Le pianiste : Musique solennelle
Cinéma

Le pianiste : Musique solennelle

Le Pianiste , cette incroyable histoire de survie, celle d’un homme seul, juif et artiste dans le ghetto de Varsovie, est époustouflante. Autant par les événements que par le ton emprunté pour les raconter.

C’est comme si Wladyslaw Szpilman avait écrit son journal intime de la façon la plus objective et journalistique possible. Les faits, à peine teintés d’émotion. Comme un barrage de froideur vital devant l’horreur. Or, aux commandes de l’adaptation cinématographique de ce livre bouleversant, il y a Roman Polanski, un homme qui a attendu d’avoir les cheveux gris pour se mettre à fouiller lui aussi dans une histoire personnelle qui commence par la perte des parents dans le ghetto de Cracovie. Derrière Le Pianiste, il y a donc le poids d’un double vécu. Mais ce sont aussi deux souffrances qui se cachent – Szpilman derrière une mémoire domptée avec sang-froid, et Polanski, derrière une histoire intime mais qui n’est pas la sienne et qu’il a peinte avec distance et recul. C’est le genre de souvenirs qu’on peut sans doute difficilement approcher de front. Cette histoire est racontée, certes, mais elle n’est qu’une partie de l’iceberg.

De voir le petit Polanski – celui qui a une cote d’amour indéfectible des cinéphiles malgré l’accumulation de daubes – tenir posément la palme d’or au dernier Festival de Cannes, ça noue la gorge. Cela ne fait pas forcément du Pianiste un chef-d’oeuvre, mais un bon film classique, et une palme consensuelle. Le film est même d’une élégante rigueur qu’on n’avait pas vue depuis longtemps chez Polanski. Plans soignés, caméra qui s’éclipse derrière le récit, faisant comprendre qu’on doit se poster en retrait pudique, dissimulé derrière des événements de plus en plus bouleversants, et mise en scène à la fois efficace, simple et sophistiquée. En cela, Polanski a épousé le ton du livre, avec qui il partage noblesse et grandeur d’âme.

Szpilman est un jeune pianiste talentueux de Varsovie. Il joue du Chopin à la radio quand une bombe éclate. Dans le premier tiers du film, les nazis installent leur machine à tuer: délimitation d’un ghetto, délation, famine, violence, exportation.
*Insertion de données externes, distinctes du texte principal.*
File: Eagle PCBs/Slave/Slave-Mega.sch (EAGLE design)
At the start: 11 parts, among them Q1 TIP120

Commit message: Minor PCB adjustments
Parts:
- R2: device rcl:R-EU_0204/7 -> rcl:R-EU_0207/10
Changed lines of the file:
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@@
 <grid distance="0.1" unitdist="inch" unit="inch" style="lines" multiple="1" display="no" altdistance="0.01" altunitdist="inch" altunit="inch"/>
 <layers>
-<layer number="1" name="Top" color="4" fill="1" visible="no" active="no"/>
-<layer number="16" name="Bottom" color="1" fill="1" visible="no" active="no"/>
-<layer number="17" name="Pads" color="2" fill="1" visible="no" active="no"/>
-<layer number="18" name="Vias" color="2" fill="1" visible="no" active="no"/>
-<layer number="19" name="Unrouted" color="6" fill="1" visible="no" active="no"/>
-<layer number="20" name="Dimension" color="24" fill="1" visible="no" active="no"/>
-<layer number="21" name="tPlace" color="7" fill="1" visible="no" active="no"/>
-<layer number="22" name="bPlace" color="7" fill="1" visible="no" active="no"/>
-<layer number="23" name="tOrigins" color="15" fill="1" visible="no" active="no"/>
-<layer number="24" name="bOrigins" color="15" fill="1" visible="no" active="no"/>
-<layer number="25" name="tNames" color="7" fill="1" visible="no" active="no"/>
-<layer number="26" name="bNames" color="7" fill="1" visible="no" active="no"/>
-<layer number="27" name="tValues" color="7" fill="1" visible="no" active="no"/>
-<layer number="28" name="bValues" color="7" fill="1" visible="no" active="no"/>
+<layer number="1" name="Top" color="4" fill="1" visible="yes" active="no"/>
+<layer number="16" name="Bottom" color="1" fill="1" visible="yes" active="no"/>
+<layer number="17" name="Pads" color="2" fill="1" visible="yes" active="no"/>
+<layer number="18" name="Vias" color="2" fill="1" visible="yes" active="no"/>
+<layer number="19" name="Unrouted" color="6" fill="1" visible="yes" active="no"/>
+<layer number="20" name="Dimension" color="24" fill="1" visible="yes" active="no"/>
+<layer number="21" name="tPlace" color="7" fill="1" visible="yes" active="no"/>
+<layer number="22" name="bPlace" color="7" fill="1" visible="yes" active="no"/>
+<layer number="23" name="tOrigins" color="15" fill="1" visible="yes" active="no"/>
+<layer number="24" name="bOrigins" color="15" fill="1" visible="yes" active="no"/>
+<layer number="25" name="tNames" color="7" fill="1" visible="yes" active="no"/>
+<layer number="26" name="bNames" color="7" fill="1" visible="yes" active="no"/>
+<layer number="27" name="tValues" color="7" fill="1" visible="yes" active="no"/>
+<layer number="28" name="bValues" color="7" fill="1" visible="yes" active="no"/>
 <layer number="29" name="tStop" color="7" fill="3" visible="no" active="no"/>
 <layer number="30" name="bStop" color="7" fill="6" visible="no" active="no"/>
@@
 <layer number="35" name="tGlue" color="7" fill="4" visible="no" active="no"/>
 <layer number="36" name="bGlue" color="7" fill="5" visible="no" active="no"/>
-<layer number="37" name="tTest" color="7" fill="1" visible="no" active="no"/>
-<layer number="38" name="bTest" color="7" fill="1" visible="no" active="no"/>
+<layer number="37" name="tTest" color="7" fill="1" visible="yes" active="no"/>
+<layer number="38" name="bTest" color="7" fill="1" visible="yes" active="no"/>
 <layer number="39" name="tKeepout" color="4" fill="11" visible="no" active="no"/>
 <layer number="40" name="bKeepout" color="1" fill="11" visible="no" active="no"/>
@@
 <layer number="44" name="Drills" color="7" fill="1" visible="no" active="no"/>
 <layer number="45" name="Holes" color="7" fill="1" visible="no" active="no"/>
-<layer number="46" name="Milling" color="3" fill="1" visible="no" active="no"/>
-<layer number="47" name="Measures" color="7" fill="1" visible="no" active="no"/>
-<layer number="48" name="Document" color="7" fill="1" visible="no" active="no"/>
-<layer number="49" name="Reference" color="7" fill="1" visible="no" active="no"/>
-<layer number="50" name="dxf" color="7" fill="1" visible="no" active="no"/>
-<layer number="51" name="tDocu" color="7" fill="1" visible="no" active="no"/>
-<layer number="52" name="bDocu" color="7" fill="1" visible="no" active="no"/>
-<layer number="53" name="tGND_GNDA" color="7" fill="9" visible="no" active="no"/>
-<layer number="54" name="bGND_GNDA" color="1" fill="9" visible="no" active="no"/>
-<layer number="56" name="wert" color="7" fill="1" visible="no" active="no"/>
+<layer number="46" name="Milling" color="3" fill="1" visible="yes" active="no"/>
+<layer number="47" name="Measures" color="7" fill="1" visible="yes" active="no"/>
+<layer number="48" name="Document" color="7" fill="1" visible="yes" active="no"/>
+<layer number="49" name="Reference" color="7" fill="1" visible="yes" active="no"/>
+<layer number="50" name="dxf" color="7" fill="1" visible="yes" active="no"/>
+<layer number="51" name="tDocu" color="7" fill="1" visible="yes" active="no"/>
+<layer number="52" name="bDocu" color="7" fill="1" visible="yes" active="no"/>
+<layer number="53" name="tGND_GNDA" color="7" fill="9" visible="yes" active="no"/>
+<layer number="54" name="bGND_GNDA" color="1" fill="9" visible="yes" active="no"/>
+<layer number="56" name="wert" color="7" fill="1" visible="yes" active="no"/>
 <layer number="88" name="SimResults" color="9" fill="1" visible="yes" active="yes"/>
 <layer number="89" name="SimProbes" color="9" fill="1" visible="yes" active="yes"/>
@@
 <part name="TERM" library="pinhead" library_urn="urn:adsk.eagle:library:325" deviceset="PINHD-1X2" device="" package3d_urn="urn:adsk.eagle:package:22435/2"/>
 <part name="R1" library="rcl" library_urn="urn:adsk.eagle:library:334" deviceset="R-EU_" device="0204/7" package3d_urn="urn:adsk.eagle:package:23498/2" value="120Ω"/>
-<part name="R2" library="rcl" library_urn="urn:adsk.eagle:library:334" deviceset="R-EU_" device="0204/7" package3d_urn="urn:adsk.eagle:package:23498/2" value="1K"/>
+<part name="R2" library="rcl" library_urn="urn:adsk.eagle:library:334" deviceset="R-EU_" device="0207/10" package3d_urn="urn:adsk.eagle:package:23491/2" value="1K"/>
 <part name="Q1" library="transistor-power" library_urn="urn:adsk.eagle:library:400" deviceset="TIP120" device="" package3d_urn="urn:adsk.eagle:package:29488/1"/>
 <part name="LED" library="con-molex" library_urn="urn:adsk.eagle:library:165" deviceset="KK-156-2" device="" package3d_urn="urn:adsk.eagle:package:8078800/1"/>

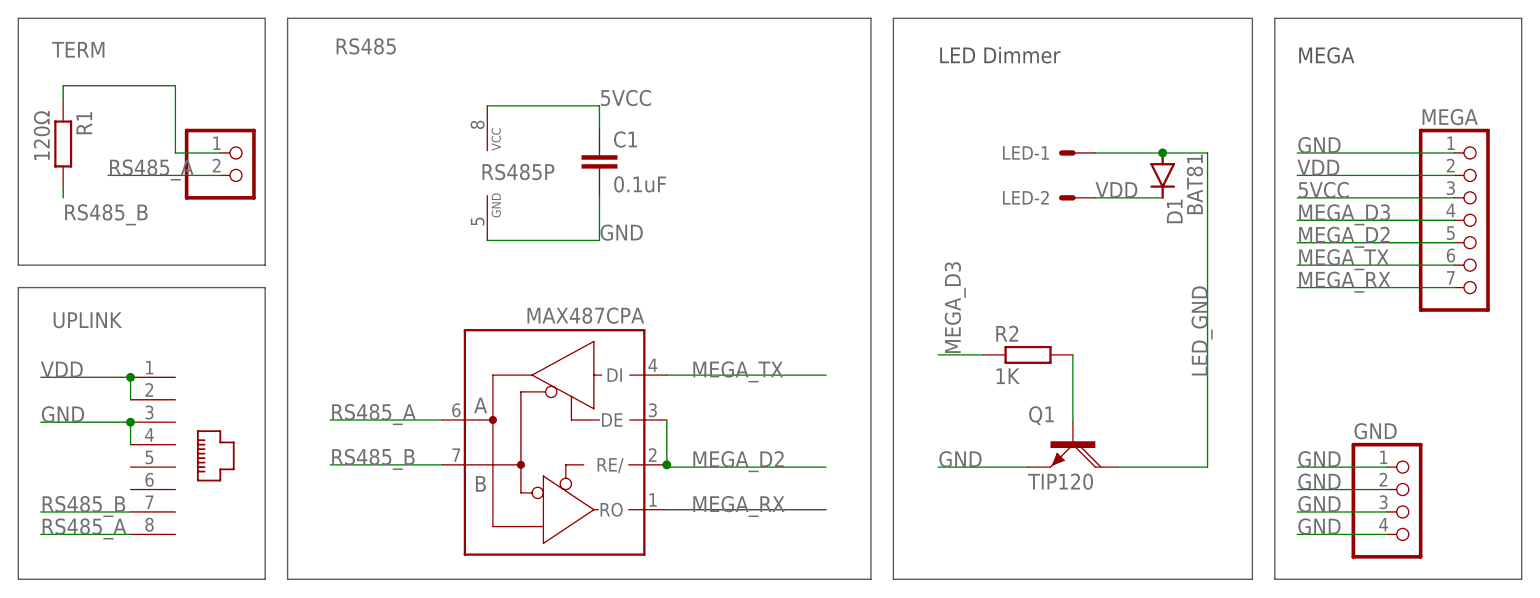
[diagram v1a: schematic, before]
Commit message: Added a 5v bus to all PCBs
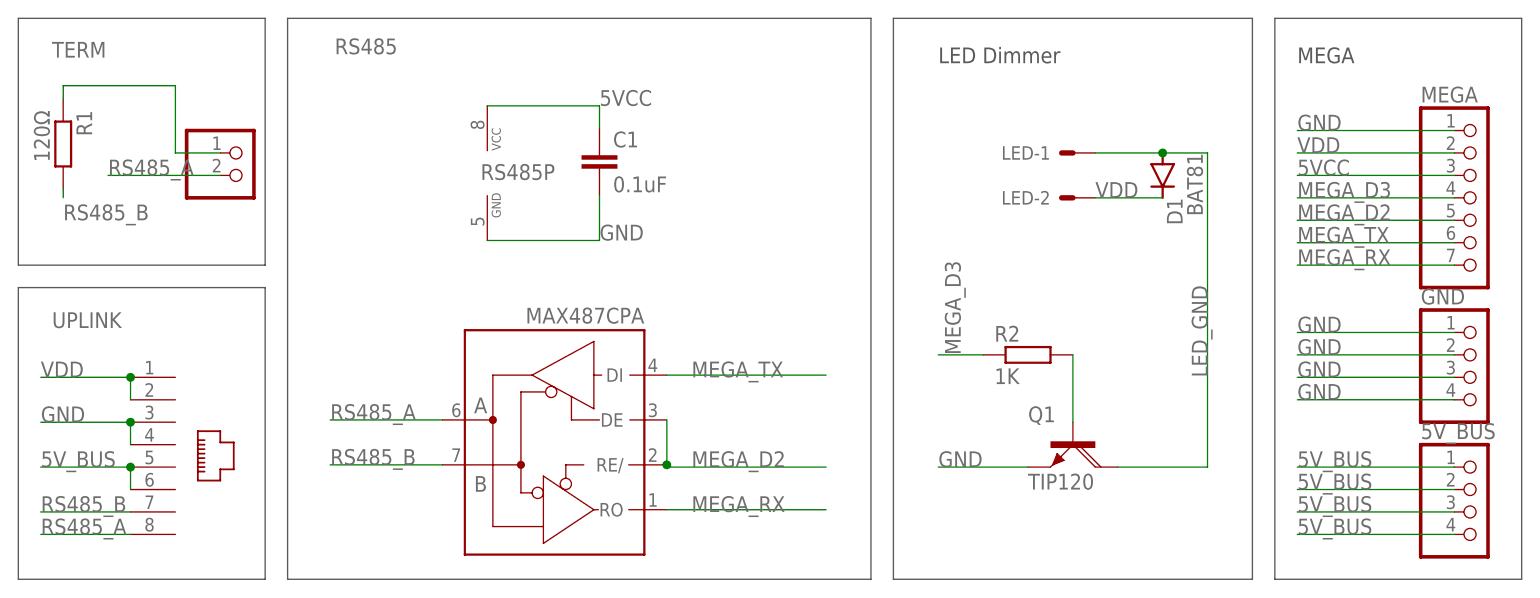
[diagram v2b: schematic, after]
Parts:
- added 5V_BUS: (no value), pinhead:PINHD-1X4
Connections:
- new net 5V_BUS: 5V_BUS.1, 5V_BUS.2, 5V_BUS.3, 5V_BUS.4, UPLINK.5, UPLINK.6
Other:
- moved on the sheet: GND, MEGA

On a droit à tout l’éventail. Mais l’espoir est là tant que la famille est là, autour de Szpilman, et qu’il peut jouer du piano. Au départ du convoi vers Treblinka, le pianiste sera sauvé in extremis, sa famille non. Heureusement, la scène du train est courte. Terrible, elle est un flash de mémoire. Et puis l’espoir meurt. Szpilman devient un errant dans le ghetto. Après les tourments émotionnel et musical du début, on tombe dans le silence, la peur, la faim, la nécessité de se cacher. Ses amis se raréfient, deviennent des ombres. On regarde la guerre par un coin de fenêtre. Au bout de trois ans de survie, Splizman sera sauvé par un officier nazi mélomane; ce qui donne lieu à la scène émouvante, quand le pianiste retrouvera l’agilité de ses doigts et son sens de l’interprétation, assez de dignité pour émouvoir ce qui reste d’humanité chez cet officier. Phénomène toujours troublant de vérifier que la vie ne tient qu’à presque rien, à quelques notes dans son cas.

Mais si la mise en scène de cette construction linéaire se déroule sans heurts, que parfois on pourrait même déplorer des longueurs (surtout dans les multiples cachettes de l’artiste), l’interprétation de Szpilman par Adrien Brody (Bread and Roses) éponge ces longueurs et éclipse les prestations des autres. Pleins feux sur lui, rien pour les autres. C’est son histoire, mais c’est dommage. Vraiment parfait casting que ce gars-là. Il a même des doigts que l’on aime imaginer aux pianistes…

Dans la froideur de ton que l’on espère voulue, on garde du film une montée dramatique tendue, qui se fige dans l’horreur et l’attente, puis qui se relâche dans une vision, un rien trop virtuelle, d’une avenue complètement démolie et d’un homme qui doit renaître, accroché à son art.